Layer Construction of Three-Dimensional Z2 Monopole Charge Nodal Line Semimetals and prediction of the abundant candidate materials

TL;DR

This paper introduces a layer construction method for 3D $ ext{Z}_2$ nodal line semimetals, predicts new candidate materials, and broadens the understanding and application of topological semimetal states.

Contribution

It extends layer construction techniques to topological semimetals, enabling the prediction of new $ ext{Z}_2$ nodal line semimetals and their candidate materials.

Findings

Constructed 3D $ ext{Z}_2$ nodal line semimetals from 2D Dirac semimetals.

Predicted 14 Si and Ge structures as candidates.

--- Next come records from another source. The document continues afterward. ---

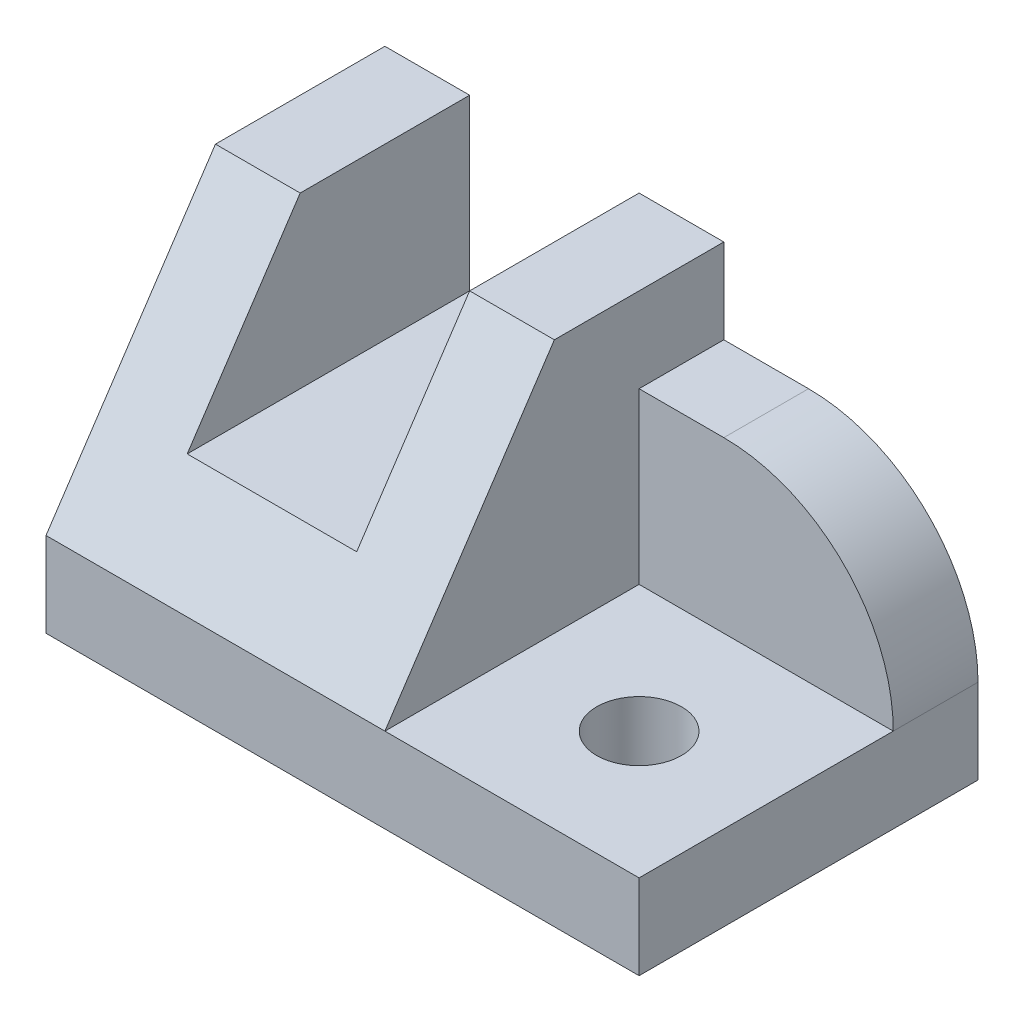
ISO-10303-21;
HEADER;
FILE_DESCRIPTION(('STEP AP214'),'2;1');
FILE_NAME('part.step','',(''),(''),'','','');
FILE_SCHEMA(('AUTOMOTIVE_DESIGN { 1 0 10303 214 1 1 1 1 }'));
ENDSEC;
DATA;
#1=APPLICATION_CONTEXT('core data for automotive mechanical design processes');
#2=APPLICATION_PROTOCOL_DEFINITION('international standard','automotive_design',2000,#1);
#3=PRODUCT_CONTEXT('',#1,'mechanical');
#4=PRODUCT('Part','Part','',(#3));
#5=PRODUCT_RELATED_PRODUCT_CATEGORY('part','',(#4));
#6=PRODUCT_DEFINITION_FORMATION('','',#4);
#7=PRODUCT_DEFINITION_CONTEXT('part definition',#1,'design');
#8=PRODUCT_DEFINITION('design','',#6,#7);
#9=PRODUCT_DEFINITION_SHAPE('','',#8);
#10=(LENGTH_UNIT() NAMED_UNIT(*) SI_UNIT(.MILLI.,.METRE.));
#11=(NAMED_UNIT(*) PLANE_ANGLE_UNIT() SI_UNIT($,.RADIAN.));
#12=(NAMED_UNIT(*) SI_UNIT($,.STERADIAN.) SOLID_ANGLE_UNIT());
#13=UNCERTAINTY_MEASURE_WITH_UNIT(LENGTH_MEASURE(1.E-05),#10,'distance_accuracy_value','');
#14=(GEOMETRIC_REPRESENTATION_CONTEXT(3) GLOBAL_UNCERTAINTY_ASSIGNED_CONTEXT((#13)) GLOBAL_UNIT_ASSIGNED_CONTEXT((#10,
#11,#12)) REPRESENTATION_CONTEXT('',''));
#15=CARTESIAN_POINT('',(0.,0.,0.));
#16=DIRECTION('',(0.,0.,1.));
#17=DIRECTION('',(1.,0.,0.));
#18=AXIS2_PLACEMENT_3D('',#15,#16,#17);
#19=CARTESIAN_POINT('',(40.,40.,-40.));
#20=DIRECTION('',(0.,-1.,0.));
#21=DIRECTION('',(0.,0.,-1.));
#22=AXIS2_PLACEMENT_3D('',#19,#20,#21);
#23=PLANE('',#22);
#24=DIRECTION('',(-1.,0.,0.));
#25=VECTOR('',#24,1.);
#26=CARTESIAN_POINT('',(40.,40.,-20.));
#27=LINE('',#26,#25);
#28=CARTESIAN_POINT('',(9.99999999999998,40.,-20.));
#29=VERTEX_POINT('',#28);
#30=CARTESIAN_POINT('',(0.,40.,-20.));
#31=VERTEX_POINT('',#30);
#32=EDGE_CURVE('E230',#29,#31,#27,.T.);
#33=ORIENTED_EDGE('',*,*,#32,.F.);
#34=DIRECTION('',(0.,0.,-1.));
#35=VECTOR('',#34,1.);
#36=CARTESIAN_POINT('',(9.99999999999998,40.,0.));
#37=LINE('',#36,#35);
#38=CARTESIAN_POINT('',(9.99999999999999,40.,-40.));
#39=VERTEX_POINT('',#38);
#40=EDGE_CURVE('E157',#29,#39,#37,.T.);
#41=ORIENTED_EDGE('',*,*,#40,.T.);
#42=DIRECTION('',(1.,0.,0.));
#43=VECTOR('',#42,1.);
#44=CARTESIAN_POINT('',(40.,40.,-40.));
#45=LINE('',#44,#43);
#46=CARTESIAN_POINT('',(0.,40.,-40.));
#47=VERTEX_POINT('',#46);
#48=EDGE_CURVE('E217',#47,#39,#45,.T.);
#49=ORIENTED_EDGE('',*,*,#48,.F.);
#50=DIRECTION('',(0.,0.,1.));
#51=VECTOR('',#50,1.);
#52=CARTESIAN_POINT('',(0.,40.,-40.));
#53=LINE('',#52,#51);
#54=EDGE_CURVE('E219',#47,#31,#53,.T.);
#55=ORIENTED_EDGE('',*,*,#54,.T.);
#56=EDGE_LOOP('',(#33,#41,#49,#55));
#57=FACE_BOUND('',#56,.T.);
#58=ADVANCED_FACE('F35',(#57),#23,.F.);
#59=CARTESIAN_POINT('',(40.,10.,0.));
#60=DIRECTION('',(0.,0.554700196225229,0.832050294337844));
#61=DIRECTION('',(0.,-0.832050294337844,0.554700196225229));
#62=AXIS2_PLACEMENT_3D('',#59,#60,#61);
#63=PLANE('',#62);
#64=DIRECTION('',(0.,-0.832050294337844,0.554700196225229));
#65=VECTOR('',#64,1.);
#66=CARTESIAN_POINT('',(9.99999999999998,10.,0.));
#67=LINE('',#66,#65);
#68=CARTESIAN_POINT('',(9.99999999999998,20.,-6.66666666666667));
#69=VERTEX_POINT('',#68);
#70=EDGE_CURVE('E165',#29,#69,#67,.T.);
#71=ORIENTED_EDGE('',*,*,#70,.F.);
#72=ORIENTED_EDGE('',*,*,#32,.T.);
#73=DIRECTION('',(0.,0.832050294337844,-0.554700196225229));
#74=VECTOR('',#73,1.);
#75=CARTESIAN_POINT('',(0.,10.,0.));
#76=LINE('',#75,#74);
#77=CARTESIAN_POINT('',(0.,10.,0.));
#78=VERTEX_POINT('',#77);
#79=EDGE_CURVE('E222',#78,#31,#76,.T.);
#80=ORIENTED_EDGE('',*,*,#79,.F.);
#81=DIRECTION('',(-1.,0.,0.));
#82=VECTOR('',#81,1.);
#83=CARTESIAN_POINT('',(40.,10.,0.));
#84=LINE('',#83,#82);
#85=CARTESIAN_POINT('',(40.,10.,0.));
#86=VERTEX_POINT('',#85);
#87=EDGE_CURVE('E225',#86,#78,#84,.T.);
#88=ORIENTED_EDGE('',*,*,#87,.F.);
#89=DIRECTION('',(0.,-0.832050294337844,0.554700196225229));
#90=VECTOR('',#89,1.);
#91=CARTESIAN_POINT('',(40.,40.,-20.));
#92=LINE('',#91,#90);
#93=CARTESIAN_POINT('',(40.,40.,-20.));
#94=VERTEX_POINT('',#93);
#95=EDGE_CURVE('E191',#94,#86,#92,.T.);
#96=ORIENTED_EDGE('',*,*,#95,.F.);
#97=CARTESIAN_POINT('',(30.,40.,-20.));
#98=VERTEX_POINT('',#97);
#99=EDGE_CURVE('E226',#94,#98,#27,.T.);
#100=ORIENTED_EDGE('',*,*,#99,.T.);
#101=DIRECTION('',(0.,0.832050294337844,-0.554700196225229));
#102=VECTOR('',#101,1.);
#103=CARTESIAN_POINT('',(30.,10.,0.));
#104=LINE('',#103,#102);
#105=CARTESIAN_POINT('',(30.,20.,-6.66666666666667));
#106=VERTEX_POINT('',#105);
#107=EDGE_CURVE('E160',#106,#98,#104,.T.);
#108=ORIENTED_EDGE('',*,*,#107,.F.);
#109=DIRECTION('',(1.,0.,0.));
#110=VECTOR('',#109,1.);
#111=CARTESIAN_POINT('',(40.,20.,-6.66666666666667));
#112=LINE('',#111,#110);
#113=EDGE_CURVE('E137',#69,#106,#112,.T.);
#114=ORIENTED_EDGE('',*,*,#113,.F.);
#115=EDGE_LOOP('',(#71,#72,#80,#88,#96,#100,#108,#114));
#116=FACE_BOUND('',#115,.T.);
#117=ADVANCED_FACE('F260',(#116),#63,.T.);
#118=CARTESIAN_POINT('',(0.,0.,0.));
#119=DIRECTION('',(1.,0.,0.));
#120=DIRECTION('',(0.,0.,-1.));
#121=AXIS2_PLACEMENT_3D('',#118,#119,#120);
#122=PLANE('',#121);
#123=DIRECTION('',(0.,1.,0.));
#124=VECTOR('',#123,1.);
#125=CARTESIAN_POINT('',(0.,40.,-40.));
#126=LINE('',#125,#124);
#127=CARTESIAN_POINT('',(0.,0.,-40.));
#128=VERTEX_POINT('',#127);
#129=EDGE_CURVE('E214',#128,#47,#126,.T.);
#130=ORIENTED_EDGE('',*,*,#129,.F.);
#131=DIRECTION('',(0.,0.,-1.));
#132=VECTOR('',#131,1.);
#133=CARTESIAN_POINT('',(0.,0.,-40.));
#134=LINE('',#133,#132);
#135=CARTESIAN_POINT('',(0.,0.,0.));
#136=VERTEX_POINT('',#135);
#137=EDGE_CURVE('E171',#136,#128,#134,.T.);
#138=ORIENTED_EDGE('',*,*,#137,.F.);
#139=DIRECTION('',(0.,1.,0.));
#140=VECTOR('',#139,1.);
#141=CARTESIAN_POINT('',(0.,0.,0.));
#142=LINE('',#141,#140);
#143=EDGE_CURVE('E186',#136,#78,#142,.T.);
#144=ORIENTED_EDGE('',*,*,#143,.T.);
#145=ORIENTED_EDGE('',*,*,#79,.T.);
#146=ORIENTED_EDGE('',*,*,#54,.F.);
#147=EDGE_LOOP('',(#130,#138,#144,#145,#146));
#148=FACE_BOUND('',#147,.T.);
#149=ADVANCED_FACE('F273',(#148),#122,.F.);
#150=CARTESIAN_POINT('',(30.,40.,-40.));
#151=VERTEX_POINT('',#150);
#152=CARTESIAN_POINT('',(40.,40.,-40.));
#153=VERTEX_POINT('',#152);
#154=EDGE_CURVE('E216',#151,#153,#45,.T.);
#155=ORIENTED_EDGE('',*,*,#154,.F.);
#156=DIRECTION('',(0.,0.,-1.));
#157=VECTOR('',#156,1.);
#158=CARTESIAN_POINT('',(30.,40.,0.));
#159=LINE('',#158,#157);
#160=EDGE_CURVE('E141',#98,#151,#159,.T.);
#161=ORIENTED_EDGE('',*,*,#160,.F.);
#162=ORIENTED_EDGE('',*,*,#99,.F.);
#163=DIRECTION('',(0.,0.,1.));
#164=VECTOR('',#163,1.);
#165=CARTESIAN_POINT('',(40.,40.,-40.));
#166=LINE('',#165,#164);
#167=EDGE_CURVE('E189',#153,#94,#166,.T.);
#168=ORIENTED_EDGE('',*,*,#167,.F.);
#169=EDGE_LOOP('',(#155,#161,#162,#168));
#170=FACE_BOUND('',#169,.T.);
#171=ADVANCED_FACE('F257',(#170),#23,.F.);
#172=CARTESIAN_POINT('',(0.,0.,-40.));
#173=DIRECTION('',(0.,0.,1.));
#174=DIRECTION('',(0.,-1.,0.));
#175=AXIS2_PLACEMENT_3D('',#172,#173,#174);
#176=PLANE('',#175);
#177=DIRECTION('',(1.,0.,0.));
#178=VECTOR('',#177,1.);
#179=CARTESIAN_POINT('',(40.,30.,-40.));
#180=LINE('',#179,#178);
#181=CARTESIAN_POINT('',(40.,30.,-40.));
#182=VERTEX_POINT('',#181);
#183=CARTESIAN_POINT('',(50.,30.,-40.));
#184=VERTEX_POINT('',#183);
#185=EDGE_CURVE('E207',#182,#184,#180,.T.);
#186=ORIENTED_EDGE('',*,*,#185,.T.);
#187=CARTESIAN_POINT('',(50.,9.99999999999999,-40.));
#188=DIRECTION('',(0.,0.,1.));
#189=DIRECTION('',(0.,-1.,0.));
#190=AXIS2_PLACEMENT_3D('',#187,#188,#189);
#191=CIRCLE('',#190,20.);
#192=CARTESIAN_POINT('',(70.,10.,-40.));
#193=VERTEX_POINT('',#192);
#194=EDGE_CURVE('E50',#184,#193,#191,.F.);
#195=ORIENTED_EDGE('',*,*,#194,.T.);
#196=DIRECTION('',(0.,1.,0.));
#197=VECTOR('',#196,1.);
#198=CARTESIAN_POINT('',(70.,40.,-40.));
#199=LINE('',#198,#197);
#200=CARTESIAN_POINT('',(70.,0.,-40.));
#201=VERTEX_POINT('',#200);
#202=EDGE_CURVE('E209',#201,#193,#199,.T.);
#203=ORIENTED_EDGE('',*,*,#202,.F.);
#204=DIRECTION('',(1.,0.,0.));
#205=VECTOR('',#204,1.);
#206=CARTESIAN_POINT('',(70.,0.,-40.));
#207=LINE('',#206,#205);
#208=EDGE_CURVE('E175',#128,#201,#207,.T.);
#209=ORIENTED_EDGE('',*,*,#208,.F.);
#210=ORIENTED_EDGE('',*,*,#129,.T.);
#211=ORIENTED_EDGE('',*,*,#48,.T.);
#212=DIRECTION('',(0.,1.,0.));
#213=VECTOR('',#212,1.);
#214=CARTESIAN_POINT('',(9.99999999999999,20.,-40.));
#215=LINE('',#214,#213);
#216=CARTESIAN_POINT('',(9.99999999999999,20.,-40.));
#217=VERTEX_POINT('',#216);
#218=EDGE_CURVE('E152',#217,#39,#215,.T.);
#219=ORIENTED_EDGE('',*,*,#218,.F.);
#220=DIRECTION('',(-1.,0.,0.));
#221=VECTOR('',#220,1.);
#222=CARTESIAN_POINT('',(30.,20.,-40.));
#223=LINE('',#222,#221);
#224=CARTESIAN_POINT('',(30.,20.,-40.));
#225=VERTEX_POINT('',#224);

Identified 108 transition metal dichalcogenides as candidates.

Abstract

The interplay between symmetry and topology led to the concept of symmetry-protected topological states, including all non-interacting and weakly interacting topological quantum states. Among them, recently proposed nodal line semimetal states with space-time inversion ($\mathcal{PT}$) symmetry which are classified by the Stiefel-Whitney characteristic class associated with real vector bundles and can carry a nontrivial $\mathbb{Z}_2$ monopole charge have attracted widespread attention. However, we know less about such 3D $\mathbb{Z}_2$ nodal line semimetals and do not know how to construct them. In this work, we first extend the layer construction previously used to construct topological insulating states to topological semimetallic systems. We construct 3D $\mathbb{Z}_2$ nodal line semimetals by stacking of 2D $\mathcal{PT}$-symmetric Dirac semimetals via nonsymmorphic symmetries. Based on our construction scheme, effective model and combined with first-principles calculations, we predict two types of candidate electronic materials for $\mathbb{Z}_2$ nodal line semimetals, namely 14 Si and Ge structures and 108 transition metal dichalcogenides $MX_2$ ($M$=Cr, Mo, W, $X$=S, Se, Te). Our theoretical construction scheme can be directly applied to metamaterials and circuit systems. Our work not only greatly enriches the candidate materials and deepens the understanding of $\mathbb{Z}_2$ nodal line semimetal states but also significantly extends the application scope of layer construction.